The bipartisan interest in and general hype around artificial intelligence (AI) has generated a particularly notable uptick in lobbying activity. The money-in-politics nonprofit OpenSecrets reported that lobbyists for more than 350 clients reported working on issues related to AI in the first nine months of 2023, more than twice the number of groups lobbying on it during all of 2022.

“When I hear people say nothing gets done in Washington, that tells me they are not engaged in the significant policy negotiations underway,” Loren Monroe, a principal at BGR Group, told The Hill.

“Of course, the deep partisan divides are there for all to see, but there are also unusual areas of common ground being found between clusters of members on different sides of the aisle on labor, trade, artificial intelligence, and even cryptocurrency issues. Businesses dismissing those early patterns do so at their own risk.”

Federal lobbying spending has dipped during recent presidential election years. Several lobbyists suggested this year could buck the trend.

“I don’t anticipate — as many people sometimes speculate — a slowdown in engagement with policymakers,” Moschella said, noting uncertainty around the outcome of the upcoming elections and ongoing regulatory activity.

Total lobbying spending climbed continuously through the 2000s and peaked at $4.2 billion in 2009, adjusted for inflation, according to federal lobbying data analyzed by OpenSecrets. But in the subsequent decade, following fallout from the 2008 financial crisis and a protracted lobbying battle over the Affordable Care Act, the lobbying bubble deflated, with lulls that coincided with presidential election years.

Total lobbying spending dipped to $3.72 billion in 2012 from $3.82 billion in 2011, adjusted for inflation, and to $3.4 billion in 2016 from $3.52 billion in 2015, according to OpenSecrets data. Lobbying spending stayed relatively flat from 2019 to 2020, which saw totals of $3.55 billion and $3.53 billion, respectively.

But federal lobbying spending has been ballooning again, topping $4.1 billion in 2022, a nominal record. Total federal lobbying spending surpassed $3.1 billion spent through the first nine months of 2023, and total lobbying spending could hit a new record.

OpenSecrets told The Hill it’s still crunching the numbers for the final quarter of last year.

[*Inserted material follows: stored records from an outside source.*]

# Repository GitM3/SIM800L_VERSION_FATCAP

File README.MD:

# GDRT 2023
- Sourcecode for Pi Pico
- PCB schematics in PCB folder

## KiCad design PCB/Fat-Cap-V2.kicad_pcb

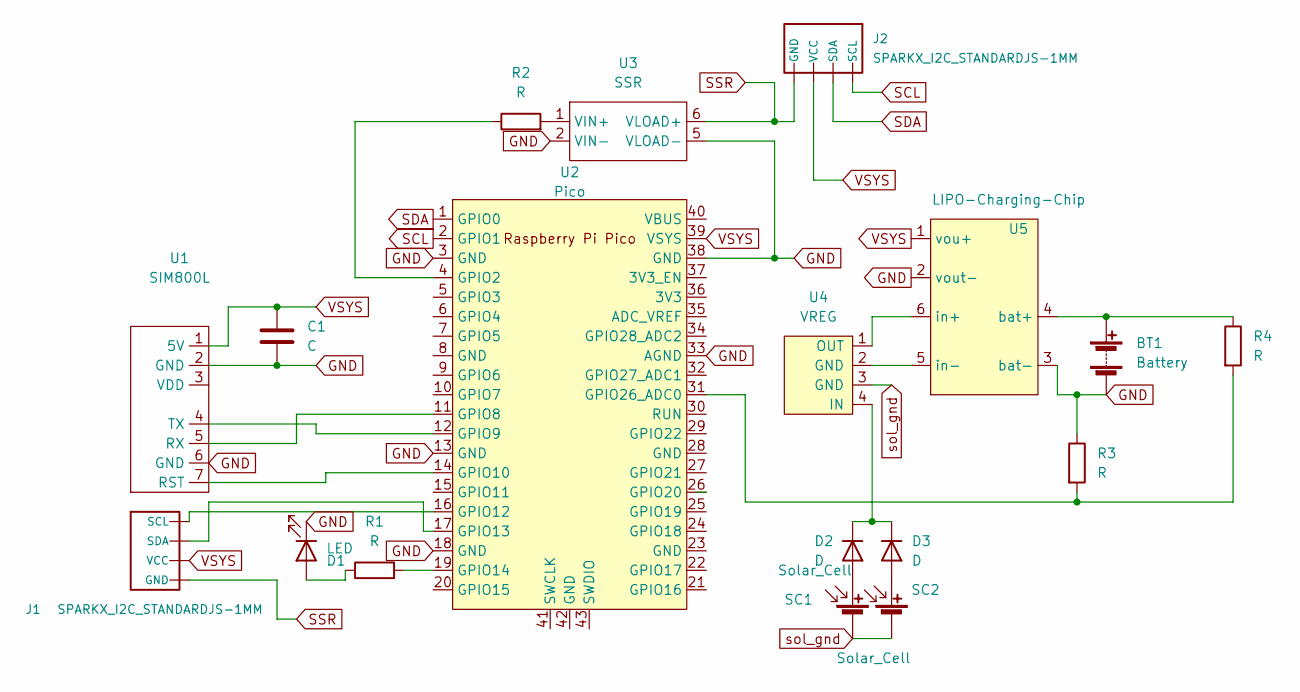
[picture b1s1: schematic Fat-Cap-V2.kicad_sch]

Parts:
BT1: Battery; JST-2-M
C1: C; CAP
D1: LED
D2, D3: D; Resistor
J1, J2: SPARKX_I2C_STANDARDJS-1MM; JST-4PIN-M
R1, R2, R3, R4: R; Resistor
SC1, SC2: Solar_Cell; 2155 Connector
U1: SIM800L; SIM800
U2: Pico; RPi_Pico_SMD_TH
U3: SSR; AQV252G
U4: VREG; V-Regulator
U5: LIPO-Charging-Chip; CHRG1

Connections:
GND: BT1.2 (-), C1.1, D1.1 (K), R3.1, U1.2 (GND), U1.6 (GND), U2.3 (GND), U2.13 (GND), U2.18 (GND), U2.33 (AGND), U2.38 (GND), U3.2 (VIN-), U3.5 (VLOAD-), U5.2 (vout-), U5.3 (bat-); also elsewhere on the board
unnamed: BT1.1 (+), R4.1, U5.4 (bat+)
unnamed: D1.2 (A), R1.1
unnamed: D2.1 (K), D3.1 (K), U4.4 (IN)
unnamed: D2.2 (A), SC1.1 (+)
unnamed: D3.2 (A), SC2.1 (+)
unnamed: J1.3 (SDA), U2.17 (GPIO13)
unnamed: J1.4 (SCL), U2.16 (GPIO12)
unnamed: R1.2, U2.19 (GPIO14)
unnamed: R2.1, U2.4 (GPIO2)
unnamed: R2.2, U3.1 (VIN+)
unnamed: R3.2, R4.2, U2.31 (GPIO26_ADC0)
unnamed: U1.4 (TX), U2.12 (GPIO9)
unnamed: U1.5 (RX), U2.11 (GPIO8)
unnamed: U1.7 (RST), U2.14 (GPIO10)
unnamed: U4.1 (OUT), U5.6 (in+)
unnamed: U4.2 (GND), U5.5 (in-)
SCL: J2.4 (SCL), U2.2 (GPIO1)
SDA: J2.3 (SDA), U2.1 (GPIO0)
SSR: J1.1 (GND), J2.1 (GND), U3.6 (VLOAD+)
VSYS: C1.2, J1.2 (VCC), J2.2 (VCC), U1.1 (5V), U2.39 (VSYS), U5.1 (vou+)
sol_gnd: SC1.GND (-), SC2.GND (-), U4.3 (GND)

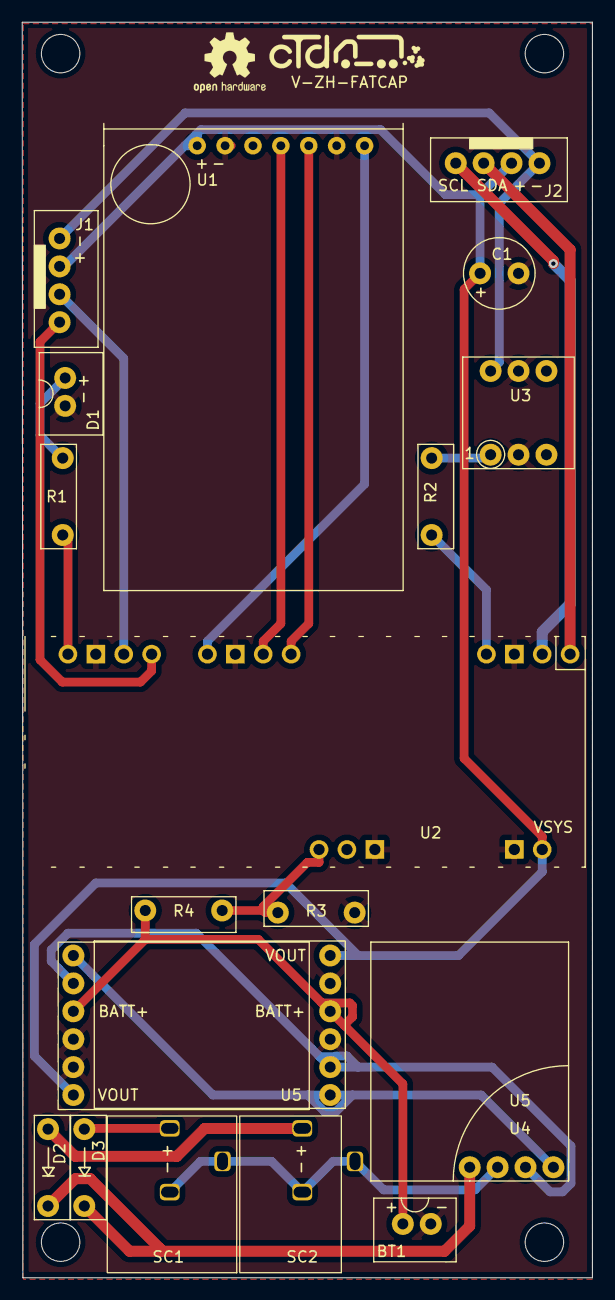
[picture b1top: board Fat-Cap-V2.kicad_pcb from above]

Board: 2 copper layers, 51.9 x 114.3 mm, 19 parts (0 on the bottom side), 22 nets.

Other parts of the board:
U5#2: CHRG; CHRG_2

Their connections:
GND: U5#2.2 (vout-), U5#2.3 (bat-); also elsewhere on the board

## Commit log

2022-11-07 Created Readme.md
2023-08-01 Added PCB files
2023-08-01 Added unique device ID

“These are unprecedented times, and they’re gonna continue to be,” Page said. “We’re in sort of a new era, where that really requires stakeholders to be prepared and proactive and ready to engage on an ongoing basis to be able to just really navigate the uncertainty ahead.”

A wave of retirements are also expected to shake up House and Senate races this year. That means a “large number” of new members and “a lot of lost institutional knowledge,” Emerson said.

“It’s not starting from scratch, but there will be a lot of work to be done to make sure that people are educated and understand the situation and where things are,” Emerson said. “It’s going to be a lot to do going into 2025.”